I am not asking anyone to "nock"one brand or the other, but I am considering a mid price now from both mfgs and i am wondering what the difference really is. They both shoot similarly from what I can tell.

The Hoyt looks nicer and is lighter, but the bear is a better value. Both shoot similarly, but the Hoyt is faster.

What about long term satisfaction with manufacturers?

Thanks
K


----------



## mechhead (Dec 13, 2006)

Never have owned a Bear bow, however, I have owned several other brands. I have been a Hoyt shooter for the past 5 years, owning only 2; Katera and currently the AM 32. Have found myself brand loyal since shooting Hoyt bows. If you feel that both are similar after shooting them, then value may be your best option. 

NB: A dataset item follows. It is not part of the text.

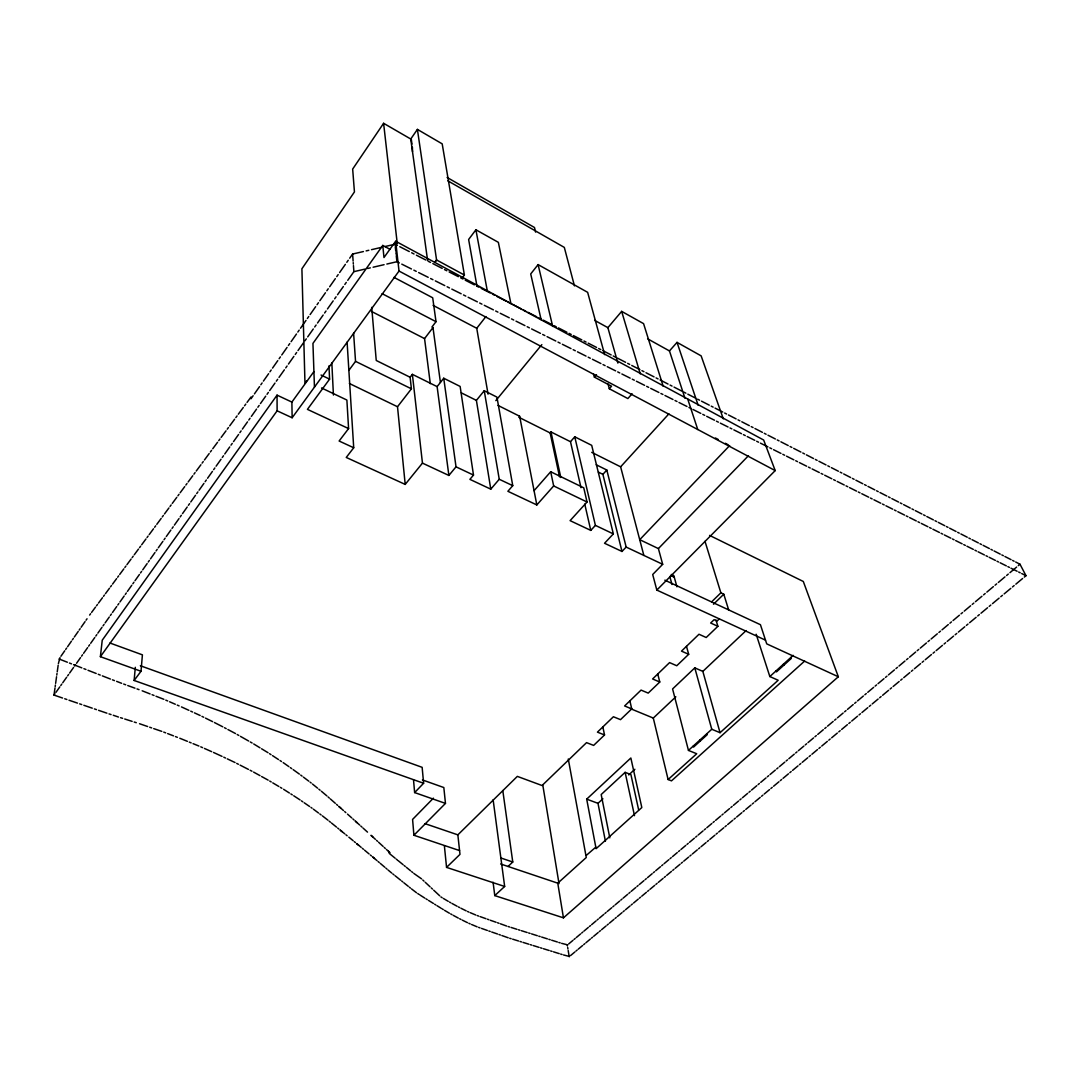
<?xml version="1.0" encoding="UTF-8"?>
<svg xmlns="http://www.w3.org/2000/svg" width="1080" height="1080" viewBox="0 0 1080 1080"><rect width="100%" height="100%" fill="white"/><g stroke="black" fill="none" stroke-linecap="round" stroke-linejoin="round"><path stroke-width="1.5" d="M422.415 779.922L443.826 787.536L445.473 803.399L414.626 792.572L423.617 783.27L134.136 680.468L141.008 671.261L142.411 654.845L109.958 643.019M134.136 680.468L135.297 667.319M141.008 671.261L100.386 656.681L102.236 640.211L277.047 395.145L291.884 402.084L292.14 417.757L277.115 410.819L277.047 395.145M62.586 698.031L54 695.088L54.986 688.028M55.175 686.691L55.404 685.031M55.634 683.357L56.552 676.742M56.781 675.095L57.011 673.448M57.24 671.814L58.158 665.28M58.374 663.66L59.981 657.625M427.599 260.415L410.751 139.01L383.603 123.296L352.661 169.088L354.443 191.916L301.901 268.785L304.965 383.157L306.639 380.849M410.751 139.01L417.407 129.398L442.193 143.856L464.387 275.022L462.47 277.547M60.926 656.262L64.719 650.808M65.678 649.445L66.636 648.068M67.595 646.704L71.428 641.183M72.401 639.806L73.359 638.415M74.331 637.025L78.219 631.449M79.191 630.058L80.163 628.655M81.135 627.25L85.064 621.621M86.049 620.204L87.035 618.786M253.138 395.726L251.019 398.75L251.046 397.008L247.05 402.408M254.421 393.917L259.551 386.613M260.834 384.777L262.116 382.941M263.412 381.092L268.61 373.707M269.906 371.844L271.215 369.981M272.525 368.118L277.776 360.639M279.099 358.749L280.422 356.873M281.745 354.983L287.064 347.396M288.401 345.492L289.737 343.589M291.087 341.685L296.474 334.004M297.824 332.073L299.187 330.143M300.537 328.199L306.005 320.423M307.368 318.478L308.745 316.521M310.122 314.564L315.657 306.68M317.034 304.709L318.425 302.724M319.829 300.74L325.431 292.761M326.835 290.75L328.239 288.752M329.656 286.74L335.327 278.654M336.757 276.629L338.175 274.59M339.606 272.551L345.357 264.371M346.802 262.305L348.246 260.253M349.69 258.188L352.607 254.043L363.406 251.546M54 695.088L54.959 693.738M55.931 692.375L59.805 686.894M60.777 685.517L61.749 684.139M62.735 682.763L66.65 677.241M67.635 675.851L68.621 674.46M69.606 673.056L73.562 667.467M74.561 666.063L75.559 664.659M76.559 663.255L80.555 657.599M81.567 656.181L82.566 654.75M83.579 653.332L87.629 647.609M88.641 646.178L89.667 644.733M90.68 643.302L94.784 637.511M95.809 636.066L96.836 634.608M97.862 633.15L102.006 627.305M103.046 625.846L104.085 624.375M105.125 622.904L109.309 616.99M110.363 615.506L111.416 614.02M112.469 612.522L116.708 606.542M117.774 605.043L118.841 603.545M119.907 602.033L124.186 595.985M125.267 594.473L126.333 592.947M127.413 591.435L131.747 585.306M132.84 583.781L133.92 582.242M135.014 580.702L139.401 574.506M140.494 572.954L141.602 571.401M142.709 569.849L147.137 563.585M148.244 562.019L149.364 560.439M150.484 558.86L154.967 552.528M156.087 550.935L157.221 549.342M158.342 547.749L162.891 541.35M164.025 539.744L165.159 538.124M166.306 536.517L170.897 530.037M172.058 528.404L173.205 526.77M174.366 525.137L179.01 518.589M180.171 516.942L181.346 515.282M182.507 513.635L187.218 506.993M188.393 505.332L189.581 503.658M190.755 501.984L195.521 495.275M196.709 493.587L197.91 491.9M199.098 490.212L203.918 483.408M205.132 481.707L206.334 479.993M207.549 478.278L212.423 471.393M213.651 469.665L214.88 467.937M216.095 466.209L221.036 459.243M222.278 457.488L223.519 455.746M224.762 453.992L229.743 446.931M230.999 445.163L232.254 443.394M233.523 441.612L238.572 434.484M239.841 432.689L241.11 430.893M242.393 429.098L247.509 421.862M248.792 420.053L250.074 418.23M251.37 416.408L256.554 409.09M257.85 407.255L259.16 405.419M260.456 403.569L265.707 396.158M267.03 394.308L268.34 392.432M269.663 390.569L274.982 383.062M276.318 381.186L277.654 379.296M278.991 377.406L284.378 369.806M285.728 367.902L287.078 365.985M288.441 364.068L293.882 356.373M295.259 354.443L296.622 352.499M297.999 350.568L303.521 342.765M304.911 340.808L306.301 338.85M307.692 336.879L313.281 328.982M314.685 326.997L316.103 325.013M317.507 323.015L323.176 315.023M324.594 313.011L326.025 311M327.456 308.975L333.194 300.875M334.638 298.836L336.082 296.798M337.527 294.746L343.346 286.538M344.804 284.472L346.275 282.406M347.746 280.328L353.632 272.012M389.894 249.264L382.779 245.444L312.944 343.4L314.456 387.126M765.504 640.157L656.829 590.085L775.197 470.596L763.668 440.033L395.671 241.245L383.981 257.54L382.779 245.444M100.386 656.681L277.115 410.819M291.884 402.084L313.916 371.601M292.14 417.757L399.019 271.053L395.671 241.245M328.968 365.863L329.589 379.148L307.435 409.361L348.584 428.585L339.12 441.018L353.714 447.755L346.248 457.448L405.202 484.407L422.456 463.118L412.371 374.342L437.117 386.627L448.875 475.457L422.456 463.118M89.627 615.074L90.599 613.75M91.584 612.428L95.513 607.109M96.511 605.786L97.497 604.449M98.483 603.099L102.465 597.726M103.464 596.376L104.463 595.026M105.475 593.663L109.499 588.222M110.511 586.859L111.524 585.495M112.536 584.118L116.613 578.61M117.639 577.233L118.665 575.843M119.691 574.452L123.822 568.89M124.848 567.486L125.888 566.082M126.927 564.678L131.112 559.035M132.151 557.618L133.205 556.2M134.258 554.783L138.483 549.072M139.55 547.641L140.616 546.197M141.669 544.765L145.948 538.974M147.029 537.53L148.108 536.072M149.189 534.614L153.508 528.768M154.602 527.297L155.696 525.825M156.789 524.354L161.177 518.427M162.27 516.942L163.377 515.444M164.484 513.958L168.925 507.951M170.033 506.452L171.153 504.94M172.274 503.429L176.769 497.354M177.903 495.828L179.024 494.303M180.157 492.764L184.721 486.621M185.855 485.069L187.002 483.53M188.15 481.977L192.767 475.74M193.928 474.188L195.089 472.608M196.25 471.042L200.921 464.738M202.095 463.144L203.269 461.565M204.444 459.972L209.169 453.573M210.357 451.98L211.545 450.36M212.747 448.754L217.539 442.287M218.741 440.654L219.942 439.02M221.157 437.387L226.004 430.839M227.232 429.192L228.447 427.532M229.675 425.885L234.59 419.243M235.832 417.569L237.074 415.894M238.302 414.221L243.297 407.484M244.539 405.796L245.794 404.096M348.867 370.386L355.536 361.355L353.606 333.207M510.962 303.885L498.353 242.339L475.902 229.784L468.626 239.49L476.928 285.984M393.971 277.371L432.702 297.783L436.01 321.678L431.933 327.011L432.986 327.564L440.424 382.442M430.299 383.656L424.562 338.594L432.986 327.564M405.202 484.407L397.507 406.742L411.413 388.827L410.117 377.257L412.371 374.342M488.065 394.16L476.739 328.279L485.933 316.548M437.117 386.627L443.732 378.23L460.134 386.438L473.499 475.079L469.894 479.358L490.779 489.159L499.244 479.264L484.245 390.717L496.935 397.116L512.757 485.663L507.884 491.292L536.827 504.94L553.662 485.946L550.692 471.744L534.06 490.685M604.665 354.645L587.642 292.329L538.096 264.6L530.712 273.942L541.12 319.666M490.779 489.159L476.401 400.383L484.245 390.717M495.828 400.639L541.85 344.615M448.875 475.457L456.017 466.83L443.732 378.23M498.015 405.419L519.642 416.245L518.805 417.258L550.125 432.932L559.562 476.874M617.882 363.11L607.878 327.659L621.662 311.378L643.572 323.635L663.161 386.221M632.097 393.795L627.871 398.561L609.309 388.76L611.537 386.208L594.392 377.136L596.471 374.72M550.125 432.932L550.976 431.946L570.483 441.707L581 487.688M570.483 441.707L574.763 436.82L591.705 445.338L613.346 533.898L604.543 543.267L621.986 551.462L626.157 547.074L606.812 470.03L596.227 464.778M684.95 398.223L669.465 350.933L677.038 342.374L701.136 355.86L723.289 418.838M621.986 551.462L602.897 474.35L606.812 470.03M550.692 471.744L583.767 487.823L587.034 502.011L570.092 520.641L590.774 530.388L595.404 525.393L574.763 436.82M643.842 555.417L620.622 466.83L668.885 413.856M729.662 445.568L639.725 539.69L658.395 548.586L662.688 564.313L652.698 574.506L656.829 590.085M658.395 548.586L748.467 455.706M433.404 798.161L412.587 819.41L413.91 835.259L459.581 850.595M413.91 835.259L445.473 803.399M493.128 799.794L504.657 886.464L446.553 867.389L459.986 854.361L457.853 834.854L517.333 776.385L542.052 785.525L586.548 742.635L593.636 745.403L604.53 734.967L602.87 727.043M711.72 601.749L720.873 592.839L704.997 541.337M713.489 604.233L723.789 594.216L720.873 592.839M719.375 618.813L717.053 621.04L714.11 619.691L710.654 623.012L717.876 626.319L706.199 637.511L698.99 634.257L681.494 651.132L688.689 654.305L676.755 665.739L669.573 662.607L652.604 678.969L659.772 682.02L648.202 693.104L641.061 690.093L624.605 705.956L631.733 708.899L620.514 719.645L613.4 716.755L597.429 732.146L604.53 734.967M756.162 634.244L769.838 676.539L778.18 680.265L720.05 732.699L702.837 671.382L694.804 667.872L672.584 688.946L688.46 750.411L696.722 753.746L668.115 779.53L671.49 780.854L804.668 661.041M668.115 779.53L653.292 718.065L675.837 696.816M702.837 671.382L746.132 630.572M508.032 866.457L512.77 862.015L502.794 790.56M586.697 799.146L630.855 757.985L641.817 807.543L596.093 848.691L586.697 799.146L597.996 803.331L605.421 841.253M638.644 809.851L630.923 774.576L625.131 772.349L601.182 794.543L609.795 837.851M709.574 535.396L803.304 581.472L838.323 676.755L563.45 917.838L494.775 895.604L504.657 886.464M597.996 803.331L602.91 798.795M628.722 774.954L634.865 769.271M688.46 750.411L711.761 729.257L694.804 667.872M769.838 676.539L793.166 655.358M595.796 847.152L586.346 855.36M563.45 917.838L557.766 883.17L586.278 857.507L568.283 758.997M561.64 943.34L567.594 944.865M568.674 943.961L572.994 940.329M574.074 939.411L575.168 938.493M576.248 937.589L580.608 933.917M581.702 932.999L582.795 932.067M583.902 931.149L588.289 927.45M589.397 926.519L590.504 925.587M591.611 924.669L596.038 920.929M597.159 919.998L598.266 919.053M599.387 918.122L603.855 914.355M604.976 913.41L606.096 912.465M607.23 911.52L611.739 907.726M612.873 906.768L614.007 905.823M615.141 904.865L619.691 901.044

Sent from my iPhone using Tapatalk


----------



## Buster of Xs (Nov 28, 2008)

I haven't owned a Bear in a long, long time. But I haven't had a Hoyt yet that I wasn't happy with, both shooting and dependability wise.


----------



## herm25 (Feb 14, 2010)

I own a AM32 and a Bear Truth II, I can say that I am very happy with both, and you cannot go wrong with either. In my experience the Bear bows have much more aggressive cams and are a little harder to draw back. Both companies take very good care of their customers.


----------



## rand_98201 (Sep 24, 2008)

which bow are you comparing to which bow? because i thought they had raised the prices on the bears


----------



## Assault (Oct 5, 2011)

I've never had a Hoyt, but I do have a 2011 bear assault that I feel is a far better bow than it was advertised to be! I was just at my local "dicks sporting goods" today and saw that they had the bear attack package on sale for a measly $499. Now that is an amazing deal! If the attack went to a 31" draw you better believe I would have bought one on the spot. Yes I am aware that the attack is last years model and they don't even make them for 2012.
I just love the idea of Fred Bear being the founder of bear archery. What an amazing legacy!


----------



## kepople (Jul 19, 2012)

I was looking at the Hoyt rampage and the bear legion package.


----------



## racknspur (Jan 24, 2007)

On the surface....Hoyt...obviously. That being said, I have never been able to say "X" brand of bow was positively responsible for my scores or killing more deer and I've owned more than I care to list. Hoyt is no doubt going to hold the resale better but in the end, you still gotta go w/what feels better in your hand.


----------



## BlueDevil (Feb 19, 2009)

What kind of shooting do you think you will do over the next few years? If just hunting, then save a few $$ and consider the Bear. If you will want to hunt and shoot 3D etc... then I believe that the Hoyt will be easier on you over time as you take more shots. This is based on the performance I have seen from watching other adults and kids shoot 3D and target. The Bear bows make more noise and seem to vibrate more. You really don't take a lot of shots while hunting (in fact wasn't it Fred Bear who said you should practice hunting with only one shot per day?) so that may not matter if you don't expect to do a lot of target shooting. Another consideration is the distance you expect to shoot and expect lethal accuracy vs. good target accuracy. My child has shot the same Hoyt Trykon Jr for four years and we have had no problems at all.


----------



## kepople (Jul 19, 2012)

I think it will be 90% target and 3d, hunting later. It's primarily a hobby for me and my daughter for now, but I want to buy a bow that will not limit me for the next few years of learning.


----------



## Buster of Xs (Nov 28, 2008)

kepople said:


> I think it will be 90% target and 3d, hunting later. It's primarily a hobby for me and my daughter for now, but I want to buy a bow that will not limit me for the next few years of learning.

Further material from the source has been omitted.